In an alternative embodiment of the present application, in the step 4, the pressure of the high-pressure homogenizing treatment is 200 bar to 1200 bar, which may be 200 bar, 400 bar, 600 bar, 800 bar, 1000 bar, 1200 bar, etc. The temperature of the high pressure homogenization treatment is 4 ℃ to 25 ℃, and may be 4 ℃, 8 ℃, 12 ℃, 15 ℃, 18 ℃,20 ℃, 23 ℃, 25 ℃, and the like. The time of the high-pressure homogenizing treatment is 2 minutes to 30 minutes, and may be 2 minutes, 3 minutes, 5 minutes, 7 minutes, 10 minutes, 13 minutes, 15 minutes, 18 minutes, 20 minutes, 23 minutes, 25 minutes, 28 minutes, 30 minutes, or the like.
The particle size of the antibiotic-loaded emulsion prepared by the preparation method is less than 1 micrometer, preferably less than 300 nanometers, and the antibiotic-loaded emulsion with the particle size of less than 100 nanometers is more preferably used as an antibiotic delivery system.
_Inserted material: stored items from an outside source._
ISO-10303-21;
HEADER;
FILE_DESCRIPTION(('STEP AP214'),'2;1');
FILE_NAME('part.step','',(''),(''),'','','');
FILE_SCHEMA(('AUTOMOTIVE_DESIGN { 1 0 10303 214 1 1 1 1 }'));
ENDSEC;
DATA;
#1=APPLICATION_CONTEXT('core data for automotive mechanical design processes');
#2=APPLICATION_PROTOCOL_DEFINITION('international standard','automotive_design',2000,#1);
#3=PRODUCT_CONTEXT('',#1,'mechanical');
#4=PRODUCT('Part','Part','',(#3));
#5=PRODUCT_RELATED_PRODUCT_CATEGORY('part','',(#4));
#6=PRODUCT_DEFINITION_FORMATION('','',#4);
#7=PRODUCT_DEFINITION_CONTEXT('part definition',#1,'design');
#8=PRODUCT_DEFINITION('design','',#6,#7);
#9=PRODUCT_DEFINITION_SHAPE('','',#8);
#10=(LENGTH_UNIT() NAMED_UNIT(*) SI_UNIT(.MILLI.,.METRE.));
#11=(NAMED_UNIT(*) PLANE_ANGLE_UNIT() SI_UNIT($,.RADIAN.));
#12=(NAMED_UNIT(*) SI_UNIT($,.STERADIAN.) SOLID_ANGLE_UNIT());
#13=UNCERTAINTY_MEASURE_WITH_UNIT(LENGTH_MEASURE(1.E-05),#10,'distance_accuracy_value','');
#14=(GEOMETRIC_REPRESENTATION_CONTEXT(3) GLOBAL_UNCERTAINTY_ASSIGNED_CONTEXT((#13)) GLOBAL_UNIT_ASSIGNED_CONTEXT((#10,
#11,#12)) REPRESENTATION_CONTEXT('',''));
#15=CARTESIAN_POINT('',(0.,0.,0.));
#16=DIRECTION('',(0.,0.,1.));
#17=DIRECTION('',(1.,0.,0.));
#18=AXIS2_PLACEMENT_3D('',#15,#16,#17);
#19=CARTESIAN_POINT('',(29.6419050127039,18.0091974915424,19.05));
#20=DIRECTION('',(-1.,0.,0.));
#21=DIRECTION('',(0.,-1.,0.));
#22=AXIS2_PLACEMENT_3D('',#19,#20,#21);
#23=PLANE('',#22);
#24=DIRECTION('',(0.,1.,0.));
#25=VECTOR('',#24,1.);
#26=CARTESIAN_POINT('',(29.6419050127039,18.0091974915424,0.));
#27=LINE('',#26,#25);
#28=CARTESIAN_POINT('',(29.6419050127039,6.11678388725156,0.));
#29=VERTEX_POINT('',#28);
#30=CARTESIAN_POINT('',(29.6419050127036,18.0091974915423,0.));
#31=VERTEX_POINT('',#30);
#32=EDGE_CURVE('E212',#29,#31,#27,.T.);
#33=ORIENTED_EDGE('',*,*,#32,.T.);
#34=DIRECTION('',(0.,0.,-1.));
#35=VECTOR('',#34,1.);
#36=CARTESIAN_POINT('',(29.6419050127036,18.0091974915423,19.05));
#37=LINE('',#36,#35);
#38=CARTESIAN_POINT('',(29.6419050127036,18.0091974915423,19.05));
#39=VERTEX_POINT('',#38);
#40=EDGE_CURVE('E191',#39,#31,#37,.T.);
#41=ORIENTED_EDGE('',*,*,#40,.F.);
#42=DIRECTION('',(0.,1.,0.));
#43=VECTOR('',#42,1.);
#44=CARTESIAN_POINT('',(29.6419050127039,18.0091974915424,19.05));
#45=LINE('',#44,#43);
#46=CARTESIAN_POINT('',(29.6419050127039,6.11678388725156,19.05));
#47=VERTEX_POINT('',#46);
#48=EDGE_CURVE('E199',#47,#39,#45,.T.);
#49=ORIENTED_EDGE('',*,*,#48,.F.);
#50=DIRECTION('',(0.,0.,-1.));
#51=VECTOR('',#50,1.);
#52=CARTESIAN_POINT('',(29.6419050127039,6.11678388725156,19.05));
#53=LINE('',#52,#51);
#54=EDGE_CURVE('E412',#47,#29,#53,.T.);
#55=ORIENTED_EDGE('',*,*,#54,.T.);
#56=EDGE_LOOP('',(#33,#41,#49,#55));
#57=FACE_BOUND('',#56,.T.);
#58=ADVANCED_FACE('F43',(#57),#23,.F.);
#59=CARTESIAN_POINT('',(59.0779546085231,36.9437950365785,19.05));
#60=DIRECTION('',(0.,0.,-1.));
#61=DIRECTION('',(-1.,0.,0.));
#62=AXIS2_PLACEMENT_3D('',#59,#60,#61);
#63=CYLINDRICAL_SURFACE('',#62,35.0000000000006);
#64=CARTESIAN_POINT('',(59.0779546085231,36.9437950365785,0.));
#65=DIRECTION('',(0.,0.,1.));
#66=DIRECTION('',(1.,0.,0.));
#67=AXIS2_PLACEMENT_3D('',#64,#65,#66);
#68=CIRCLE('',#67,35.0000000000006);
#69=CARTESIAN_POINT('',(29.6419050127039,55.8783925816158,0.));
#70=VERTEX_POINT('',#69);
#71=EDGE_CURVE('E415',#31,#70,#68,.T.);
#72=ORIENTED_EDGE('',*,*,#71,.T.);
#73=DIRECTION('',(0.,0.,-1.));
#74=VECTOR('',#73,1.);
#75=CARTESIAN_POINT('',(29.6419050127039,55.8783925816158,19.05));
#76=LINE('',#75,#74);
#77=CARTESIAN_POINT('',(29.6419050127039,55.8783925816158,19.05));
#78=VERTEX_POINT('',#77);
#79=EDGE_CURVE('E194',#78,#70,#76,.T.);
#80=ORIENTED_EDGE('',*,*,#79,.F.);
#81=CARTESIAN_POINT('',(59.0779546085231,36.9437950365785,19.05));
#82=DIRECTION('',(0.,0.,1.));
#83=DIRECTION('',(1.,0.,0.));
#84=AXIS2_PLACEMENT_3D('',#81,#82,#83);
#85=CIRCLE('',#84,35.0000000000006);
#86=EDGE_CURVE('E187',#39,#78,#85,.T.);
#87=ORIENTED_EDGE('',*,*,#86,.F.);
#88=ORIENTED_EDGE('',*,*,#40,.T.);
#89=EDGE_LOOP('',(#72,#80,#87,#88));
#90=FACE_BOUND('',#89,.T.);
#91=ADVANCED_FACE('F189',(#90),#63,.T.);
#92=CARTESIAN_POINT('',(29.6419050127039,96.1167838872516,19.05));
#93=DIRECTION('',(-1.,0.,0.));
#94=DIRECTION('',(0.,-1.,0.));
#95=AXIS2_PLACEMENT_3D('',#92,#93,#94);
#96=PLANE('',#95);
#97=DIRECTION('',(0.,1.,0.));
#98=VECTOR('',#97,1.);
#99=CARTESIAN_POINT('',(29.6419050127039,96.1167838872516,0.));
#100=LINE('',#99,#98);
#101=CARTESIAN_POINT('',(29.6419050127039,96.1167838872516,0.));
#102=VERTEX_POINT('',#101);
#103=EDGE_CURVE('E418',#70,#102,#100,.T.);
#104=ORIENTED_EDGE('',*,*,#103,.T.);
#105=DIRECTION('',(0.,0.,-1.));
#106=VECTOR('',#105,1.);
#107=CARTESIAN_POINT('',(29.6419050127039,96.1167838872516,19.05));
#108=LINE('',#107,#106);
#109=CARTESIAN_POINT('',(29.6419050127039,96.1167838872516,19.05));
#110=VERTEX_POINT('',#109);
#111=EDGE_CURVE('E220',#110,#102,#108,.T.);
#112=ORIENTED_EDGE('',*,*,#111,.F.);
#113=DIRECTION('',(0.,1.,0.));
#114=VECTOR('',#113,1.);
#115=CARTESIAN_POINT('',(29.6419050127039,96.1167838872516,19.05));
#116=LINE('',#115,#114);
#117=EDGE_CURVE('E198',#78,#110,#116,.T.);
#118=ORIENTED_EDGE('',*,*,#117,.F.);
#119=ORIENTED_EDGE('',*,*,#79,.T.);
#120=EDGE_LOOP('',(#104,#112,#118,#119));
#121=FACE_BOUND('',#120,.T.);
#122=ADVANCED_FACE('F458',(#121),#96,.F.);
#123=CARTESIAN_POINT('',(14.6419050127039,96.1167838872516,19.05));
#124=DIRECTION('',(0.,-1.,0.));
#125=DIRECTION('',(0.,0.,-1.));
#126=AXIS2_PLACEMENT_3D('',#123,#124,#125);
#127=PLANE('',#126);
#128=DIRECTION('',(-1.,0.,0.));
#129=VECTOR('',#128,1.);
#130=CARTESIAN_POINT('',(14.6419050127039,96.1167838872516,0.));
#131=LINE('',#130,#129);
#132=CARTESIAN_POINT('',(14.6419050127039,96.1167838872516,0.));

According to the preparation method of the antibiotic drug delivery system provided by the embodiment of the application, various inhalable pharmaceutic adjuvants such as soybean oil, phospholipid, glycerol and the like are purposefully adjusted, and the nano emulsion preparation capable of loading the antibiotics is prepared as the antibiotic drug delivery system, so that the antibiotic drug delivery system can efficiently load the antibiotics, has good atomization inhalation performance and good drug stability, and has a slow release effect. In addition, the application firstly adds the water-soluble antibiotics into the water phase and combines the water-soluble antibiotics with the oil phase, thereby improving the loading efficiency of the antibiotics. Meanwhile, compared with free antibiotics, the antibiotic drug delivery system prepared by the application can obviously improve the antibacterial capability of the antibiotics.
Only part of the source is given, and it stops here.